The results revealed a higher prevalence of PLHIV with poor OHRQoL than HIV-negative individuals in 5 domains and almost all items of OHIP-14 except for the OHIP 3 (found it uncomfortable to eat any foods because of problems with teeth or mouth) and OHIP-14 (being totally unable to function because of problems with teeth or mouth). The findings showed statistically significant results (p ≤ 0.05) for the OHIP1 item "trouble pronouncing any word," with a prevalence of 2.5% (n = 11) and 2.25% (n = 9) in PLHIV and HIV-negative, respectively. Also, PLHIV had a significantly higher prevalence, 2.75% (n = 11) for the OHIP 13 item "life not satisfying due to teeth and mouth problems compared to HIV-negative individuals 2% (8) p ≤ 0.05. Moreover, dental caries was significantly associated with poor OHRQoL among PLHIV and HIV-negative adults and for all 14 items of the OHIP tool. Periodontal disease was not significantly associated with OHRQoL among PLHIV and HIV-negative adults.
This study revealed poor OHRQoL among PLHIV compared to HIV-negative adults. There is a need for further longitudinal studies to investigate the OHRQoL in Rwanda, especially among PLHIV. It is essential to include oral health care as one of the components of the medical health care programs for PLHIV in Rwanda.
评估与健康相关的生活质量已成为艾滋病毒感染者(PLHIV)随访工作中不可或缺的一部分。然而,与卢旺达的艾滋病毒阴性个体相比,关于口腔健康对生活质量的影响(即口腔健康相关生活质量,OHRQoL)的数据却很匮乏。
本研究旨在评估卢旺达基加利市PLHIV与艾滋病毒阴性个体相比的OHRQoL。
在基加利教学医院(CHUK)的一家艾滋病毒诊所,由访员对200名PLHIV和200名艾滋病毒阴性成年人(≥18岁)进行《口腔健康影响程度简表》(OHIP - 14)问卷调查。通过调查问卷收集参与者的社会人口学特征,包括年龄、性别、职业和社会经济地位(SES)。采用4分李克特量表评估OHIP工具7个领域内所有14项条目中口腔影响的频率。描述性统计分别用于查看PLHIV和艾滋病毒阴性个体中OHRQoL的频率和百分比。卡方检验用于确定与艾滋病毒阴性个体相比,PLHIV中OHRQoL与龋齿(DMFT)和牙周疾病(CPITN)之间的关联。

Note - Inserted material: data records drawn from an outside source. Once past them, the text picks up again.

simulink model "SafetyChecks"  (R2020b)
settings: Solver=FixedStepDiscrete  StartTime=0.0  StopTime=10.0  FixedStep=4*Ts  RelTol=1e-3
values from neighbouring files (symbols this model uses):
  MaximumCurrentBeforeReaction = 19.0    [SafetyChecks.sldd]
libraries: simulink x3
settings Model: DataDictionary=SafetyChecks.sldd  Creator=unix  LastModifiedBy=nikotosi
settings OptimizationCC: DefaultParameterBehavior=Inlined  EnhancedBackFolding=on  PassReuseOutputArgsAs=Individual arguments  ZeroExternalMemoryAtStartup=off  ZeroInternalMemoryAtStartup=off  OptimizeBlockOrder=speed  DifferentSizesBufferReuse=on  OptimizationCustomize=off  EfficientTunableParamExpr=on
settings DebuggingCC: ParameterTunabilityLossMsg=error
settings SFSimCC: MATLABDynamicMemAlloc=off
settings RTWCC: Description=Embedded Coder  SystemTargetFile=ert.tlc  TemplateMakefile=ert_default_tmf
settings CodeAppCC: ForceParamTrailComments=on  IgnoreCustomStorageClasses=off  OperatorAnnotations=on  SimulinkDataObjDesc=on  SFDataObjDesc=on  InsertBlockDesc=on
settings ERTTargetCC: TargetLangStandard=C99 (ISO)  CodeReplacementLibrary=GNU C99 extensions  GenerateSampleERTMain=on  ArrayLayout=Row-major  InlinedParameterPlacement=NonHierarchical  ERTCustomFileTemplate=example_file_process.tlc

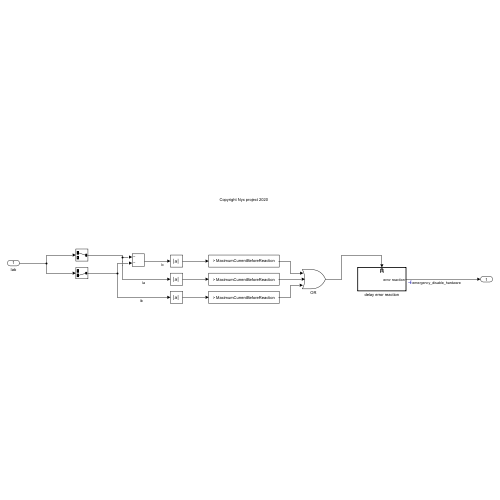
[thumbnail: Simulink's stored preview of the top-level diagram]
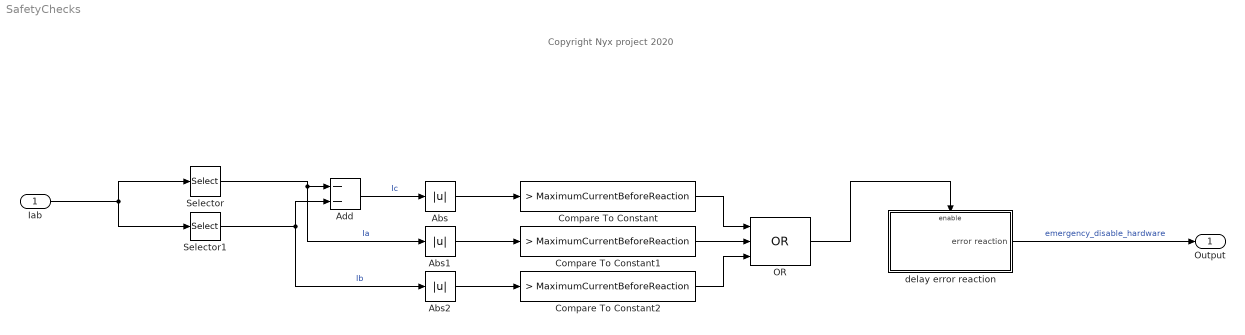
== system SafetyChecks ==
  note: Copyright Nyx project 2020
  Iab : Inport  OutDataTypeStr=single
  Abs : Abs
  Abs1 : Abs
  Abs2 : Abs
  Add : Sum  Inputs=--  RndMeth=Simplest
  Compare To Constant : simulink/Logic and Bit Operations/Compare To Constant  relop=>  const=MaximumCurrentBeforeReaction  OutDataTypeStr=boolean
  Compare To Constant1 : simulink/Logic and Bit Operations/Compare To Constant  relop=>  const=MaximumCurrentBeforeReaction  OutDataTypeStr=boolean
  Compare To Constant2 : simulink/Logic and Bit Operations/Compare To Constant  relop=>  const=MaximumCurrentBeforeReaction  OutDataTypeStr=boolean
  OR : Logic  Operator=OR  Inputs=3  IconShape=distinctive  AllPortsSameDT=off  OutDataTypeStr=boolean
  Selector : Selector  InputPortWidth=2  IndexOptions=Index vector (dialog)  Indices=[1]  OutputSizes=1
  Selector1 : Selector  InputPortWidth=2  IndexOptions=Index vector (dialog)  Indices=[2]  OutputSizes=1
  delay error reaction : Subsystem  TreatAsAtomicUnit=on
  Output : Outport
  wires:
  Iab/1 -> Selector1/1, Selector/1
  Selector/1 -> Abs1/1, Add/1  "Ia"
  Selector1/1 -> Add/2, Abs2/1  "Ib"
  Add/1 -> Abs/1  "Ic"
  Abs2/1 -> Compare To Constant2/1
  Abs1/1 -> Compare To Constant1/1
  Abs/1 -> Compare To Constant/1
  Compare To Constant1/1 -> OR/2
  Compare To Constant/1 -> OR/1
  Compare To Constant2/1 -> OR/3
  delay error reaction/1(error reaction) -> Output/1  "emergency_disable_hardware"
  OR/1 -> delay error reaction/Enable

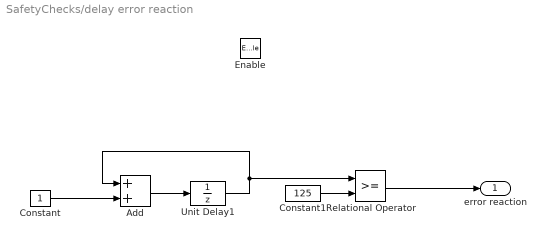
== system SafetyChecks/delay error reaction ==
  Enable : EnablePort  StatesWhenEnabling=reset
  Add : Sum  OutDataTypeStr=uint16
  Constant : Constant  OutDataTypeStr=uint8
  Constant1 : Constant  Value=125  OutDataTypeStr=uint16
  Relational Operator : RelationalOperator  OutDataTypeStr=boolean  RndMeth=Simplest
  Unit Delay1 : UnitDelay  SampleTime=-1  HasFrameUpgradeWarning=on
  error reaction : Outport  OutputWhenDisabled=reset  InitialOutput=0
      settings: AttributesFormatString=%<InitialOutput>
  wires:
  Add/1 -> Unit Delay1/1
  Unit Delay1/1 -> Relational Operator/1, Add/1
  Constant/1 -> Add/2
  Constant1/1 -> Relational Operator/2
  Relational Operator/1 -> error reaction/1

结果显示,在5个领域以及除OHIP 3(因牙齿或口腔问题吃任何食物都不舒服)和OHIP - 14(因牙齿或口腔问题完全无法正常生活)之外的几乎所有OHIP - 14条目上,OHRQoL较差的PLHIV患病率高于艾滋病毒阴性个体。研究结果显示,OHIP1条目“发音困难”具有统计学显著差异(p≤0.05),PLHIV中的患病率为2.5%(n = 11),艾滋病毒阴性个体中的患病率为2.25%(n = 9)。此外,OHIP 13条目“因牙齿和口腔问题生活不满意”的PLHIV患病率显著更高,为2.75%(n = 11),而艾滋病毒阴性个体为2%(n = 8),p≤0.05。此外,在PLHIV和艾滋病毒阴性成年人中,以及在OHIP工具的所有14个条目中,龋齿与较差的OHRQoL显著相关。牙周疾病在PLHIV和艾滋病毒阴性成年人中与OHRQoL无显著关联。
本研究显示,与艾滋病毒阴性成年人相比,PLHIV的OHRQoL较差。卢旺达需要进一步开展纵向研究,以调查OHRQoL,特别是在PLHIV中。将口腔保健纳入卢旺达PLHIV医疗保健计划的组成部分至关重要。